SPEC.md — Normative specification (field definitions, validation rules, conformance levels)
PROPOSAL.md — The case for a knowledge architecture standard
RFC-0001 — Extended capabilities (overview of all proposals; F/H/I/J/K/L/N promoted to v0.3–v0.4 core)
RFC-0002 — Auth and delegation metadata (access, auth_scope, auth promoted to core in v0.5–v0.6; delegation promoted to core in v0.7)
RFC-0003 — Cross-manifest federation proposal (manifests, external_depends_on, external_relationships — promoted to core in v0.9 as DAG with local authority)
RFC-0004 — Trust, provenance, and compliance metadata (trust.provenance, sensitivity promoted in v0.5; trust.audit promoted in v0.6; compliance promoted to core in v0.7)
RFC-0005 — Payment and rate-limit metadata proposal (payment.default_tier promoted to core in v0.5; rate_limits promoted to core in v0.8; payment methods and x402 remain RFC)
RFC-0006 — Context window hints (accepted; promoted to SPEC.md §4.10 in v0.4)
parsers/ — Reference parser/validator implementations (Python, Java) — 401 tests passing
bridge/ — MCP servers: expose any knowledge.yaml as MCP resources (TypeScript · Python · Java).

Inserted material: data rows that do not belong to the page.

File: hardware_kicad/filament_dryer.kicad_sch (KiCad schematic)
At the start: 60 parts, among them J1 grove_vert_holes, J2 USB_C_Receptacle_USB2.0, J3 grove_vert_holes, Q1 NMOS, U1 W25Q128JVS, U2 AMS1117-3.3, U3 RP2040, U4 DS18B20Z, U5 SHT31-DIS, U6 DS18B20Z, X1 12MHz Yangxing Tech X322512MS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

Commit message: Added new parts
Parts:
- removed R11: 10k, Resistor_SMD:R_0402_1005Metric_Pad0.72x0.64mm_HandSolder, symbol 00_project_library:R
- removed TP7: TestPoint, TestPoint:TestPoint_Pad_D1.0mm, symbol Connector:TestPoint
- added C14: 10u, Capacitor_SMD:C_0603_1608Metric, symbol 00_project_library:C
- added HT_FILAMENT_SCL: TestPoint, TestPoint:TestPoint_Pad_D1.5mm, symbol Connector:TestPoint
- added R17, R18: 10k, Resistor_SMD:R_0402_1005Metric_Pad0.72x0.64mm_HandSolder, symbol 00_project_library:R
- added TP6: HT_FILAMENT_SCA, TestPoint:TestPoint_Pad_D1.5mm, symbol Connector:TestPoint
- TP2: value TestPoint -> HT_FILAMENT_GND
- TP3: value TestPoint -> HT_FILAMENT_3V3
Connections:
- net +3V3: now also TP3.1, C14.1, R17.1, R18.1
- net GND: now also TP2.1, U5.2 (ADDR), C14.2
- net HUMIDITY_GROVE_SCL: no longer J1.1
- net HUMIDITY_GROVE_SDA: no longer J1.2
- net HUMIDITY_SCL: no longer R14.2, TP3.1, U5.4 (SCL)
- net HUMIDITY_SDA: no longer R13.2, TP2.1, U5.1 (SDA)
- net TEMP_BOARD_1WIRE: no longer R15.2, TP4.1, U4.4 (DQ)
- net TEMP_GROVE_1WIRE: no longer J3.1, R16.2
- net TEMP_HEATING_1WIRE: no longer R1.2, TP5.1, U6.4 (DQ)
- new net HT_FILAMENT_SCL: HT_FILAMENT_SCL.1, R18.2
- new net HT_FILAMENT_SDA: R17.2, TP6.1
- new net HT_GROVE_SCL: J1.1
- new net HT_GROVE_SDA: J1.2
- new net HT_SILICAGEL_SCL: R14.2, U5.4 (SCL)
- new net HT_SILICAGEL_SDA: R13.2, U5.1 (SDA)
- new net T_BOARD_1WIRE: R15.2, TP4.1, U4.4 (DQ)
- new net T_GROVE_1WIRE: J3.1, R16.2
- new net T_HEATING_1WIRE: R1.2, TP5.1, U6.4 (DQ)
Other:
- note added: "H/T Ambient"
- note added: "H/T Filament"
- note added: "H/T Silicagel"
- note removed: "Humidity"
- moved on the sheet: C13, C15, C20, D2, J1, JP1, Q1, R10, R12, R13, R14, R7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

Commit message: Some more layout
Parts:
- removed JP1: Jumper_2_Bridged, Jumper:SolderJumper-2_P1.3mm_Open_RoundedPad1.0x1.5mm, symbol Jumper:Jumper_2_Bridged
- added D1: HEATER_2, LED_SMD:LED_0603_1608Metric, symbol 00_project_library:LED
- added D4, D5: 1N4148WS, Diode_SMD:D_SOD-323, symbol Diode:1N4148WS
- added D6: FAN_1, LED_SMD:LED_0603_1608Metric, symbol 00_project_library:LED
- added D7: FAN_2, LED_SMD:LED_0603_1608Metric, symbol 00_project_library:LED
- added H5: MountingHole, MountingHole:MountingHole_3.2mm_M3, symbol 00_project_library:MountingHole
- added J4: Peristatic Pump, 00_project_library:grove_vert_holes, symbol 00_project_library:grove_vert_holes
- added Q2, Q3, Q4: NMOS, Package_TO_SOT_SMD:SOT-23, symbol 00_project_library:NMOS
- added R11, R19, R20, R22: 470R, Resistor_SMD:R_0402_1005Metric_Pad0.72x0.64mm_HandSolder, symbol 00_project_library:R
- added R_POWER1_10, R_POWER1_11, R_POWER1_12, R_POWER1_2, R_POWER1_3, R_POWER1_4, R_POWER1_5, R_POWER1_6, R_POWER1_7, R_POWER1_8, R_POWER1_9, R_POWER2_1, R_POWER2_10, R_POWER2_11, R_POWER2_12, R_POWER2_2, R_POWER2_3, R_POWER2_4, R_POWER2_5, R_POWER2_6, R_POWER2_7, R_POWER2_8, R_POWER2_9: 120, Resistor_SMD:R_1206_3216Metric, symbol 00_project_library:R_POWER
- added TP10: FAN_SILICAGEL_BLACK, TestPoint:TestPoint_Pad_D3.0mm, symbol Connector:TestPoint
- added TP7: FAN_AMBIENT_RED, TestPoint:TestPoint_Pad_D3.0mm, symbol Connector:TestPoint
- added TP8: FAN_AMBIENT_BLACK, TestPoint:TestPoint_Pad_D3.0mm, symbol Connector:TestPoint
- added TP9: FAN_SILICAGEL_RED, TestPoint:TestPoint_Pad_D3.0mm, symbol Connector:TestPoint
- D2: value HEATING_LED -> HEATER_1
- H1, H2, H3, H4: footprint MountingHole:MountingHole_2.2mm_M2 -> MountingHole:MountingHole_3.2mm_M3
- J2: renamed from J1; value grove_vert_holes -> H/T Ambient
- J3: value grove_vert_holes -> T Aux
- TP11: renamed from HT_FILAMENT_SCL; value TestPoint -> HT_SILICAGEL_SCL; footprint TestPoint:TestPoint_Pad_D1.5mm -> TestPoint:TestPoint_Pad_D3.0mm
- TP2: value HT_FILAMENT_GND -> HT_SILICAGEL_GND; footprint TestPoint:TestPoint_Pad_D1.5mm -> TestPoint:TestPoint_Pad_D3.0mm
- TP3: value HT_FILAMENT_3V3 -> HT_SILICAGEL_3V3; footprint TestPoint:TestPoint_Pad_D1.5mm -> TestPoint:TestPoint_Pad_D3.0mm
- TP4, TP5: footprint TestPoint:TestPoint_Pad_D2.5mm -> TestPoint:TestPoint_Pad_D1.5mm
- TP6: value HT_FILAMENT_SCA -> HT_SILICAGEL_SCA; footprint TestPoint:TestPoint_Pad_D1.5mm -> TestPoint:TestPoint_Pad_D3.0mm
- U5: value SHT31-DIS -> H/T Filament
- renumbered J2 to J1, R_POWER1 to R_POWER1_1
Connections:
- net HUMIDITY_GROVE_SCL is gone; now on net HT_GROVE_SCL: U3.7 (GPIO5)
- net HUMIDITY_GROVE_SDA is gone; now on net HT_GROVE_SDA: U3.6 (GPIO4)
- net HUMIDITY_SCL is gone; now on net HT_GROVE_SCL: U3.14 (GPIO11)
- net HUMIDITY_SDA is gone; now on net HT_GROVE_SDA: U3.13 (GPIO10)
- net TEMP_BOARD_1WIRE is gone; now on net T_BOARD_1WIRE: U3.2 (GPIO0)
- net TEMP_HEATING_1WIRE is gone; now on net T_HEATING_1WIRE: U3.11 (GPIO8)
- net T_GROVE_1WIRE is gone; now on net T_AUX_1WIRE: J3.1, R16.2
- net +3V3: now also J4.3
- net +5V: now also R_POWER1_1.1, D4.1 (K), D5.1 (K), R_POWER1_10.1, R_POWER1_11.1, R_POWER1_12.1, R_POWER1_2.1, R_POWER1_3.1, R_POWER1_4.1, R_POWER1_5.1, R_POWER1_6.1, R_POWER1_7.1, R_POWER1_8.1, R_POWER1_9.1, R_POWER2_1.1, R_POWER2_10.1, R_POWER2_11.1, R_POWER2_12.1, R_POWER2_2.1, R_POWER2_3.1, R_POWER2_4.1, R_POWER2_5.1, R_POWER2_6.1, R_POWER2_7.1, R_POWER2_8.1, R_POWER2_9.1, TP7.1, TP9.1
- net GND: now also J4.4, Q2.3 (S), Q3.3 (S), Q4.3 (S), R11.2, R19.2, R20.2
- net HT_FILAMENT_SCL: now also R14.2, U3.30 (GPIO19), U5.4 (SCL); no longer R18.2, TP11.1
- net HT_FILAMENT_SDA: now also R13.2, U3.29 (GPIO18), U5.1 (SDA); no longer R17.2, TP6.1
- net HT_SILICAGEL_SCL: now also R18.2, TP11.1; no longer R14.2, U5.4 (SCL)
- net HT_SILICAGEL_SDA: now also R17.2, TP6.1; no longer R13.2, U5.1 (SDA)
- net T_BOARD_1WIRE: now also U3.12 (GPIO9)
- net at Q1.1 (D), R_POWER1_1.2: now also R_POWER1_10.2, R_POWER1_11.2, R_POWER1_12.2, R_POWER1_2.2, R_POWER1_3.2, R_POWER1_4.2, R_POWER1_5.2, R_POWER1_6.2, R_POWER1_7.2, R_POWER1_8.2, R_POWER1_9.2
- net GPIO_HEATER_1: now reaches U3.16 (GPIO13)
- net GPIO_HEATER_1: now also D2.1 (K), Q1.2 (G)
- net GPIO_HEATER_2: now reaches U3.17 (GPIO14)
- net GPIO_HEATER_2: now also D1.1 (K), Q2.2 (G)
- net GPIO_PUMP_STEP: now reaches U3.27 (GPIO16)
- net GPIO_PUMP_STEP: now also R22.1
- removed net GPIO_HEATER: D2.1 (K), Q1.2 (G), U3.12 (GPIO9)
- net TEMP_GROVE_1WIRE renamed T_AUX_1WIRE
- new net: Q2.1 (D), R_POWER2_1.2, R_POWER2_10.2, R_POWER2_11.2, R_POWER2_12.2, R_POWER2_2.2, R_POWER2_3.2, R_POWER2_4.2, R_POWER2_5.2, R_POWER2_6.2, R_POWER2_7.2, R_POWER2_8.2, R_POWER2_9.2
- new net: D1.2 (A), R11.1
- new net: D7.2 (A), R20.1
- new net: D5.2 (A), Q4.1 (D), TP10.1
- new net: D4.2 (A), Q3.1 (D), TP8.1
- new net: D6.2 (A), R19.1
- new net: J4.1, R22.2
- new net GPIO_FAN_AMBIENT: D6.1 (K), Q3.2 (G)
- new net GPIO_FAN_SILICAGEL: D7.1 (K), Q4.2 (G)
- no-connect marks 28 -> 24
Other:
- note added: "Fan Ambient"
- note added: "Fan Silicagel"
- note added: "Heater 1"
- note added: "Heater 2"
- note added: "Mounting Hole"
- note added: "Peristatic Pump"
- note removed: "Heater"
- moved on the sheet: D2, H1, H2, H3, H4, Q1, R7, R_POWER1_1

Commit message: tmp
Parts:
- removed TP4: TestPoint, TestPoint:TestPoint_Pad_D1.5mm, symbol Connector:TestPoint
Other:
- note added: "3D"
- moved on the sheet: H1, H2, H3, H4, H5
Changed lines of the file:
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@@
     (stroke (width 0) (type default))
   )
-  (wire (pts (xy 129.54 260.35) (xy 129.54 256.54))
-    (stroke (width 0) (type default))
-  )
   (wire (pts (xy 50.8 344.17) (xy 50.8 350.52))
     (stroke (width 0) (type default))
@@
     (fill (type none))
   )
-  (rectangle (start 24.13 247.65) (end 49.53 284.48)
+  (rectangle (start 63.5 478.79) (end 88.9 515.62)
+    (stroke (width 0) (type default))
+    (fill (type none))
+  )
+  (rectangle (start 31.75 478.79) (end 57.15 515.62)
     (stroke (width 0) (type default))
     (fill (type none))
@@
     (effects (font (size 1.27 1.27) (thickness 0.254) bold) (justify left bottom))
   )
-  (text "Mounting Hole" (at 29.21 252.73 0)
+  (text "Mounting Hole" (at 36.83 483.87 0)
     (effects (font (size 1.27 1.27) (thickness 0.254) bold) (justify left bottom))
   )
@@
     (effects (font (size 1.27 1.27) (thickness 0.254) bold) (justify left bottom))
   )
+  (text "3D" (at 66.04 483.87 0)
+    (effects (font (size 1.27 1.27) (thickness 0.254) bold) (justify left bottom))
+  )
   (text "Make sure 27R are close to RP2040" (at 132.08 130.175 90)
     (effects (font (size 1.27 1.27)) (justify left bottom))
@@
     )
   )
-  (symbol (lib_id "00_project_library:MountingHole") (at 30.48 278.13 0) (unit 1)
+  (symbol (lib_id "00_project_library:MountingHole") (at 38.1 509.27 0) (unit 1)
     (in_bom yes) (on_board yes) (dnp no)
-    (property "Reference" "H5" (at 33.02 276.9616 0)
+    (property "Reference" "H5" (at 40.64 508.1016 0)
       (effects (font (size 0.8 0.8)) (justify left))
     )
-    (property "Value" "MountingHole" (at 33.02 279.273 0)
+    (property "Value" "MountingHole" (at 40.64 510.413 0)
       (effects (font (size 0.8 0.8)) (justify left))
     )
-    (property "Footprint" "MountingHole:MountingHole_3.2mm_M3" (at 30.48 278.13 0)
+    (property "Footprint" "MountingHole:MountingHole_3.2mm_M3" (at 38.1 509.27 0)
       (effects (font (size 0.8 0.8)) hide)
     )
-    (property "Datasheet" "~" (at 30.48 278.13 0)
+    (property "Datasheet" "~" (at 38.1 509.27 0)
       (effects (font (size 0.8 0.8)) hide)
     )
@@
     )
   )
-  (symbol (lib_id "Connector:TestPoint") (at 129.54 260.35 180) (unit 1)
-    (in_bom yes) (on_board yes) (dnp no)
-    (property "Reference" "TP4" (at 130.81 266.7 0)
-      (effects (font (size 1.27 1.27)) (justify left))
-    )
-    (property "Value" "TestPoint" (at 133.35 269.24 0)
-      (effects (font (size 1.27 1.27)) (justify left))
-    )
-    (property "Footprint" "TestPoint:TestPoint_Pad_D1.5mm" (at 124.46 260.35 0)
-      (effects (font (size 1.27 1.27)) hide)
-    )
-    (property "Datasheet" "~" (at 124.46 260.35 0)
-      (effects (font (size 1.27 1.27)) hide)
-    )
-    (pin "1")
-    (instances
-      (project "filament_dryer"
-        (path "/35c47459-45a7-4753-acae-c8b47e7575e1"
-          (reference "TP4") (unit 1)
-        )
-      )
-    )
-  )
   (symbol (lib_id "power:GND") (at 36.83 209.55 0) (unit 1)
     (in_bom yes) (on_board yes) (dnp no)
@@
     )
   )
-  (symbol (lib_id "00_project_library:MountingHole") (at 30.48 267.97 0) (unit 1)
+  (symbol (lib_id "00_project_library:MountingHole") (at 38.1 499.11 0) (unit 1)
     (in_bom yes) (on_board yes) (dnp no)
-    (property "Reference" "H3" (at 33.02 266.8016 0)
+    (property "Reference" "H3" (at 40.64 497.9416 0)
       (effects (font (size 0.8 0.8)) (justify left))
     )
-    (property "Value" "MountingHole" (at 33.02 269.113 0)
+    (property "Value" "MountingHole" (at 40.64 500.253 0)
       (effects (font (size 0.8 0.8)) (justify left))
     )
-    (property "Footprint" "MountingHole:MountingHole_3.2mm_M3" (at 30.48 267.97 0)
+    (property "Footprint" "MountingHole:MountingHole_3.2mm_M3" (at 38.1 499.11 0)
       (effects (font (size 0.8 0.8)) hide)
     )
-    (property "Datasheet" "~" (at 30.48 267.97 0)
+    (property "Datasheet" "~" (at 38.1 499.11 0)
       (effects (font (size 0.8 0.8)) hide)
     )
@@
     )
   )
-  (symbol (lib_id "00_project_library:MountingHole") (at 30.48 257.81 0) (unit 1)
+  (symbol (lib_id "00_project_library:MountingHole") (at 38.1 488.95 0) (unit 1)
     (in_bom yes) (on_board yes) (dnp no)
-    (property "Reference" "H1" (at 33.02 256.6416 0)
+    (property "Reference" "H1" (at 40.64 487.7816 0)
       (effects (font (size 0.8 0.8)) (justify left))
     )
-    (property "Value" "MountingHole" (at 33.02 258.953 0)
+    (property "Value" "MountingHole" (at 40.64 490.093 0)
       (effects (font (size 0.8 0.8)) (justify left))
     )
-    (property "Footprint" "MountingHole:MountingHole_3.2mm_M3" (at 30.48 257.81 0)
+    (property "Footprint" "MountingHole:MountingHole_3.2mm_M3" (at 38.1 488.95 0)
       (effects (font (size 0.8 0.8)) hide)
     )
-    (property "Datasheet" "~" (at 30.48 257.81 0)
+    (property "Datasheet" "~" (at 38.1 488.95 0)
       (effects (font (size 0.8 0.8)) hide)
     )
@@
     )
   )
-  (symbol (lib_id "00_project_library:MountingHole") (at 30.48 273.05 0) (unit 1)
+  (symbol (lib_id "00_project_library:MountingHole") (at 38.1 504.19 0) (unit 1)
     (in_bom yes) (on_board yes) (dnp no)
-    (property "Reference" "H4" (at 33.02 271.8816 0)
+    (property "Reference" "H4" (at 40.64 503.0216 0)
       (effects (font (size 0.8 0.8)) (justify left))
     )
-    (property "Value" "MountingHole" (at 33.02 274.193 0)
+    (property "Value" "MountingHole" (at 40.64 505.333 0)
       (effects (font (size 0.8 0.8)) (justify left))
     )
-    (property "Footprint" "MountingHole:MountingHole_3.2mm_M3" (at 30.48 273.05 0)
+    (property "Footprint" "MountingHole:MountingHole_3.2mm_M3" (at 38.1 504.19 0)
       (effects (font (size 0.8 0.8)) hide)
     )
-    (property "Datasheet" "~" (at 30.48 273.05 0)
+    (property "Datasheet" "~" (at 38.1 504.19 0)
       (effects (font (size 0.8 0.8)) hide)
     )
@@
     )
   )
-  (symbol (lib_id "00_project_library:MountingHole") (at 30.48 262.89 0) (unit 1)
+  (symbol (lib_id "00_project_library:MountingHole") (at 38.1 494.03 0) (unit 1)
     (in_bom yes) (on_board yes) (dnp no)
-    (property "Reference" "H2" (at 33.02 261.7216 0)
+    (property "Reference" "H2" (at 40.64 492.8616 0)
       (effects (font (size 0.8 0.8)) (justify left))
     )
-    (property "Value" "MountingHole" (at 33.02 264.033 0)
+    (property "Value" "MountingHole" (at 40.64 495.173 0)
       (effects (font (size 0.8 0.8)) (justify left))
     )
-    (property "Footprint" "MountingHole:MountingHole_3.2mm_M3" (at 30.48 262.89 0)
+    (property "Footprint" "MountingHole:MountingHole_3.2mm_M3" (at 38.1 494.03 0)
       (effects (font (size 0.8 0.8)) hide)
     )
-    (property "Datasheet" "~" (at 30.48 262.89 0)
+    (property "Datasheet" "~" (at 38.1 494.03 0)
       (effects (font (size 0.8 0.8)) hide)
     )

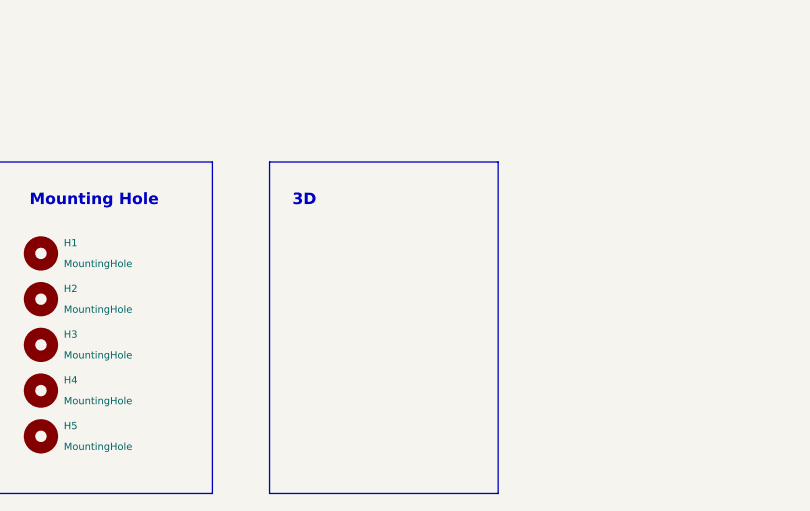
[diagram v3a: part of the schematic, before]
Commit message: Update 3d footprint
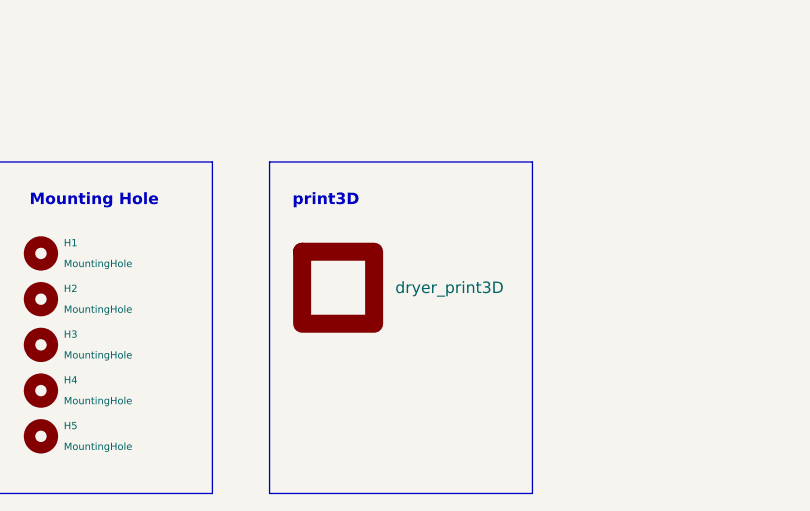
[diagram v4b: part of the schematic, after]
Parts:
- added dryer_print3D1: dryer_print3D, 00_project_library:dryer_print3d, symbol 00_project_library:dryer_print3d
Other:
- note added: "print3D"
- note removed: "3D"
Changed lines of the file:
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@@
     (fill (type none))
   )
-  (rectangle (start 63.5 478.79) (end 88.9 515.62)
+  (rectangle (start 63.5 478.79) (end 92.71 515.62)
     (stroke (width 0) (type default))
     (fill (type none))
@@
     (effects (font (size 1.27 1.27) (thickness 0.254) bold) (justify left bottom))
   )
-  (text "3D" (at 66.04 483.87 0)
+  (text "print3D" (at 66.04 483.87 0)
     (effects (font (size 1.27 1.27) (thickness 0.254) bold) (justify left bottom))
   )
@@
         )
       )
+    )
+  )
+  (symbol (lib_id "00_project_library:dryer_print3d") (at 71.12 492.76 0) (unit 1)
+    (in_bom no) (on_board yes) (dnp no) (fields_autoplaced)
+    (property "Reference" "dryer_print3D1" (at 71.12 499.11 0)
+      (effects (font (size 1.27 1.27)) hide)
+    )
+    (property "Value" "dryer_print3D" (at 77.47 492.76 0)
+      (effects (font (size 1.27 1.27)) (justify left))
+    )
+    (property "Footprint" "00_project_library:dryer_print3d" (at 69.85 501.65 0)
+      (effects (font (size 1.27 1.27)) hide)
+    )
+    (property "Datasheet" "" (at 71.12 492.76 0)
+      (effects (font (size 1.27 1.27)) hide)
+    )
+    (instances
+      (project "filament_dryer"
+        (path "/35c47459-45a7-4753-acae-c8b47e7575e1"
+          (reference "dryer_print3D1") (unit 1)
+        )
+      )

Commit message: routing
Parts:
- removed R1: 4k7, Resistor_SMD:R_0402_1005Metric_Pad0.72x0.64mm_HandSolder, symbol 00_project_library:R
- removed R17, R18: 10k, Resistor_SMD:R_0402_1005Metric_Pad0.72x0.64mm_HandSolder, symbol 00_project_library:R
- removed TP5: TestPoint, TestPoint:TestPoint_Pad_D1.5mm, symbol Connector:TestPoint
- removed U6: DS18B20Z, Package_SO:SOIC-8_3.9x4.9mm_P1.27mm, symbol 00_project_library:DS18B20Z
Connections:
- net HT_SILICAGEL_SCL is gone; now on net HT_BOARD_SCL: TP11.1
- net HT_SILICAGEL_SDA is gone; now on net HT_BOARD_SDA: TP6.1
- net +3V3: now also U5.2 (ADDR)
- net GND: no longer U5.2 (ADDR)
- net GPIO_FAN_AMBIENT: now also U3.32 (GPIO21)
- net T_BOARD_1WIRE: no longer R15.2, U4.4 (DQ)
- net T_HEATING_1WIRE: now also R15.2, U3.18 (GPIO15), U4.4 (DQ); no longer U3.11 (GPIO8)
- net HT_BOARD_SDA: now reaches U3.38 (GPIO26/ADC0)
- net HT_BOARD_SDA: now also R13.2, U5.1 (SDA)
- net HT_BOARD_SCL: now reaches U3.39 (GPIO27/ADC1)
- net HT_BOARD_SCL: now also R14.2, U5.4 (SCL)
- removed net HT_FILAMENT_SCL: R14.2, U3.30 (GPIO19), U5.4 (SCL)
- removed net HT_FILAMENT_SDA: R13.2, U3.29 (GPIO18), U5.1 (SDA)
- no-connect marks 24 -> 21
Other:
- note added: "H/T Ambient I2C0 0x44"
- note added: "H/T Filament I2C1 0x45"
- note added: "H/T Silicagel I2C1 0x44"
- note removed: "H/T Ambient"
- note removed: "H/T Filament"
- note removed: "H/T Silicagel"
- moved on the sheet: C14, C20, J3, J4, R12, R16, R22

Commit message: 2023-08-20 review schematics
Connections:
- net T_AUX_1WIRE: now also U3.15 (GPIO12); no longer U3.4 (GPIO2)
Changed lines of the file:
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@@
   (no_connect (at 48.26 106.68))
   (no_connect (at 273.05 250.19))
-  (no_connect (at 48.26 78.74))
+  (no_connect (at 48.26 50.8))
   (no_connect (at 119.38 96.52))
   (no_connect (at 48.26 63.5))
@@
     (stroke (width 0) (type default))
   )
-  (wire (pts (xy 44.45 50.8) (xy 48.26 50.8))
+  (wire (pts (xy 40.64 78.74) (xy 48.26 78.74))
     (stroke (width 0) (type default))
   )
@@
     (effects (font (size 1.27 1.27) italic) (justify right bottom))
   )
-  (label "T_AUX_1WIRE" (at 44.45 50.8 180) (fields_autoplaced)
+  (label "T_AUX_1WIRE" (at 40.64 78.74 180) (fields_autoplaced)
     (effects (font (size 1.27 1.27)) (justify right bottom))
   )

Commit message: Removed resistors, add locked zones
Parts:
- J4: value Peristatic Pump -> Peristaltic Pump
- TP10: value FAN_SILICAGEL_BLACK -> FAN_SILICAGEL_GND
- TP7: value FAN_AMBIENT_RED -> FAN_AMBIENT_5V
- TP8: value FAN_AMBIENT_BLACK -> FAN_AMBIENT_GND
- TP9: value FAN_SILICAGEL_RED -> FAN_SILICAGEL_5V
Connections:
- net +5V: now also D1.2 (A), D2.2 (A)
- net GND: no longer R11.2, R7.2
- net GPIO_FAN_AMBIENT: now also D6.2 (A); no longer D6.1 (K)
- net GPIO_FAN_SILICAGEL: now also D7.2 (A); no longer D7.1 (K)
- net GPIO_HEATER_1: no longer D2.1 (K)
- net GPIO_HEATER_2: no longer D1.1 (K)
- net at Q1.1 (D), R_POWER1_1.2, R_POWER1_10.2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: now also R7.2
- net at Q2.1 (D), R_POWER2_1.2, R_POWER2_10.2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: now also R11.2
- net at R11.1: now also D1.1 (K); no longer D1.2 (A)
- net at R20.1: now also D7.1 (K); no longer D7.2 (A)
- net at R19.1: now also D6.1 (K); no longer D6.2 (A)
- net at R7.1: now also D2.1 (K); no longer D2.2 (A)
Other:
- note added: "Peristaltic Pump"
- note removed: "Peristatic Pump"
- moved on the sheet: D1, D2, D6, D7, Q1, R11, R7

The TypeScript parser, validator, and mapper live in bridge/typescript/src/ (parser.ts, validator.ts, mapper.ts).
plugins/opencode/ — OpenCode plugin (opencode-kcp-plugin on npm)
examples/ — Reference manifests at four adoption levels plus 4 simulation scenarios (150 adversarial tests: A2A+KCP clinical research, energy metering HITL, legal delegation chains, financial AML)
kcp-memory — Episodic memory daemon for Claude Code (separate repo)

Early Adopters

KCP is being used in production by practitioners who independently discovered the same problems it solves.

"A Norwegian public sector architect independently built a full KCP adoption framework — reference-quality knowledge.yaml, transition guide, snapshot-awareness pattern, LLM client protocol — and arrived at '2-4 files instead of 15-20' on his own."

If you are using KCP and want to be listed here, open an issue or reach out.

Contributing

Open an issue to: - Propose additions to the field set - Share a use case that the current spec does not cover - Report a gap or ambiguity in the format

The goal is a standard that solves the real problem without demanding complexity from those who do not need it.

License

Apache V2.

Proposed by eXOReaction AS — builders of Synthesis, based in Oslo, Norway.